Sebagai bukti, Nanik mengungkapkan bahwa Presiden Prabowo Subianto turun tangan langsung menghitung kelayakan anggaran. “Pak Prabowo sampai menghitung sendiri menu itu, dan beliau berkesimpulan dengan Rp 10.000 itu masih bisa pakai ayam dan telur,” ujarnya. Oleh karena itu, ia meminta semua pihak memastikan tidak ada pengurangan bahan baku.

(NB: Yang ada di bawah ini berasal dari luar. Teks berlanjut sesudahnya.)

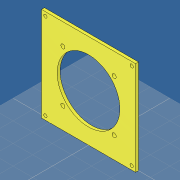
# Autodesk Inventor part: DayLightGlow_SpeakerBase
Saved by Autodesk Inventor 2019 (Build 230136000, 136)
## iProperties
Created: 2019-01-03
Part Number: DayLightGlow_SpeakerBase
Material: Generisch
Document SubType Name: Modeling
Designer: Stefan
Mass: 17.7218 g
Surface Area: 138.562 cm^2
Volume: 17.7218 cm^3
Density: 1 g/cm^3
Appearance: Glatt - Gelb
Author: Stefan
Autodesk Inventor part; units mm, degrees
ref_plane "YZ Plane" through (0, 0, 0) normal (1, 0, 0) x (0, 1, 0)
ref_plane "XZ Plane" through (0, 0, 0) normal (0, 1, 0) x (-1, 0, 0)
ref_plane "XY Plane" through (0, 0, 0) normal (0, 0, 1) x (1, 0, 0)
sketch "Skizze1" plane through (0, 0, 0) normal (0, 0, 1) x (1, 0, 0)
  line L0 (48, -48) -> (-48, -48)
  line L1 (-48, -48) -> (-48, 48)
  line L2 (-48, 48) -> (48, 48)
  line L3 (48, 48) -> (48, -48)
  line L4 (48, -48) -> (-48, 48) construction
  line L5 (-48, -48) -> (48, 48) construction
  circle A0 centre (0, 0) radius 32
  circle A1 centre (0, 0) radius 37 construction
  line L6 (-40, 40) -> (-48, 40)
  line L7 (-48, 40) -> (-48, 48)
  line L8 (-48, 48) -> (-40, 48)
  line L9 (-40, 48) -> (-40, 40)
  line L10 (-40, 40) -> (-48, 48) construction
  line L11 (-48, 40) -> (-40, 48) construction
  line L12 (-40, -40) -> (-48, -40)
  line L13 (-48, -40) -> (-48, -48)
  line L14 (-48, -48) -> (-40, -48)
  line L15 (-40, -48) -> (-40, -40)
  line L16 (-40, -40) -> (-48, -48) construction
  line L17 (-48, -40) -> (-40, -48) construction
  line L18 (40, -40) -> (48, -40)
  line L19 (48, -40) -> (48, -48)
  line L20 (48, -48) -> (40, -48)
  line L21 (40, -48) -> (40, -40)
  line L22 (40, -40) -> (48, -48) construction
  line L23 (48, -40) -> (40, -48) construction
  line L24 (40, 40) -> (48, 40)
  line L25 (48, 40) -> (48, 48)
  line L26 (48, 48) -> (40, 48)
  line L27 (40, 48) -> (40, 40)
  line L28 (40, 40) -> (48, 48) construction
  line L29 (48, 40) -> (40, 48) construction
  point P0 (-26.163, 26.163)
  point P1 (26.163, 26.163)
  point P2 (26.163, -26.163)
  point P3 (-26.163, -26.163)
  point P4 (-44, 44)
  point P5 (-44, -44)
  point P6 (44, -44)
  point P7 (44, 44)
  point P8 (-44, 44)
  point P9 (44, 44)
  point P10 (-44, -44)
  point P11 (44, -44)
  dimension "d0" = 96
  dimension "d1" = 96
  dimension "d41" = 64
  dimension "d42" = 74
  dimension "d43" = 8
  dimension "d44" = 8
  constraints: 60 end point, 10 midpoint, 10 parallel, 6 coincident, 6 equal length, 5 horizontal, 5 perpendicular, 4 point on circle, 4 point on line, 2 centre point
  measures "d0" distance between parallel lines of L0 L2
  measures "d1" distance between parallel lines of L3 L1
  measures "d41" diameter of A0
  measures "d42" diameter of A1
  measures "d43" distance of L8.end L6.start
  measures "d44" distance of L6.start L6.end
extrude "Extrusion1" add sketch "Skizze1" along normal blind 3
hole "Bohrung2" at (-44, 44, 0) at (44, 44, 0) at (-44, -44, 0) at (44, -44, 0) direction (0, 0, 1) diameter 3.4 end through all
hole "Bohrung3" at (-26.163, 26.163, 0) at (26.163, 26.163, 0) at (26.163, -26.163, 0) at (-26.163, -26.163, 0) direction (0, 0, 1) diameter 4.2 end through all
equation "\"d0\" = d1"
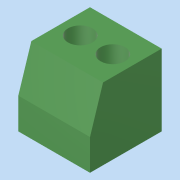
# Autodesk Inventor part: connector
Saved by Autodesk Inventor 2017 (Build 210142000, 142)
## iProperties
Created: 2017-01-25
Part Number: connector
Material: Generic
Document SubType Name: Modeling
Designer: techn
Density: 1 g/cm^3
Appearance: Smooth - Dark Forest Green
Author: techn
Autodesk Inventor part; units mm, degrees
ref_plane "YZ Plane" through (0, 0, 0) normal (1, 0, 0) x (0, 1, 0)
ref_plane "XZ Plane" through (0, 0, 0) normal (0, 1, 0) x (-1, 0, 0)
ref_plane "XY Plane" through (0, 0, 0) normal (0, 0, 1) x (1, 0, 0)
sketch "Sketch1" plane through (0, 0, 0) normal (0, 1, 0) x (-1, 0, 0)
  line L0 (0, 0) -> (5.588, 0)
  line L1 (5.588, 0) -> (5.588, -5.588)
  line L2 (5.588, -5.588) -> (0, -5.588)
  line L3 (0, -5.588) -> (0, 0)
  dimension "d0" = 5.588
  dimension "d1" = 5.588
  constraints: 8 end point, 2 parallel, 1 horizontal, 1 perpendicular
  measures "d0" distance of L1.end L2.end
  measures "d1" distance of L0.end L1.end
extrude "Extrusion1" add sketch "Sketch1" along normal blind 5.588
chamfer "Chamfer1" distance 1.016 distance2 3.175 1 edges at (-2.794, 5.588, 0) measured on face at (-1.8627, 5.588, -1.8627)
sketch "Sketch2" plane through (0, 5.588, 0) normal (0, 1, 0) x (1, 0, 0)
  line L0 (0, 1.016) -> (-5.588, 1.016) projected
  line L1 (0, 1.016) -> (0, 5.588) projected
  line L2 (0, 5.588) -> (-5.588, 5.588) projected
  line L3 (-5.588, 5.588) -> (-5.588, 1.016) projected
  circle A0 centre (-4.064, 3.302) radius 0.9525
  circle A1 centre (-1.524, 3.302) radius 0.9525
  point P0 (0, 0)
  dimension "d7" = 1.905
  dimension "d8" = 1.905
  dimension "d9" = 1.524
  dimension "d10" = 1.524
  constraints: 2 centre point
  measures "d7" diameter of A0
  measures "d8" diameter of A1
  measures "d9" distance from line of A0.centre L3
  measures "d10" distance from line of L1 A1.centre
extrude "Extrusion2" cut sketch "Sketch2" against normal blind 2.54 contours A0 | A1
body "Solid1"

Namun sayangnya, Nanik menyoroti fakta memilukan di lapangan. “Dari Kuningan sampai NTB, saya sudah melihat beberapa dapur yang tidak layak,” tuturnya. Ia pun mengaku kecewa karena banyak dapur yang beroperasi padahal belum melalui proses evaluasi (epoksi) yang semestinya.
Menanggapi kondisi ini, Nanik menekankan pentingnya tanggung jawab kolektif. “Kita harus akui ini kelalaian kita bersama. Ini salah BGN, mitra, dan SPPG yang harus kita perbaiki bersama,” katanya. Untuk kedepannya, ia berpesan agar semua unsur saling mengingatkan, termasuk melibatkan ahli gizi dan akuntan, untuk mengawal kualitas menu.
Di akhir paparannya, Nanik membagikan cerita inspiratif di balik lahirnya program MBG. Kisah ini berawal dari tahun 2012, ketika Prabowo melihat langsung keprihatinan seorang ibu yang memberi makan anaknya dengan sisa makanan buruh pabrik. “Di sana Pak Prabowo merasa geram dan bilang: ‘Saat saya menjadi Presiden nanti, semua anak Indonesia akan saya beri makan tiap hari.’ Itulah asal mula kenapa MBG dimulai,” pungkas Nanik, mengingatkan kembali pada semangat awal yang humanis dari program ini. (*)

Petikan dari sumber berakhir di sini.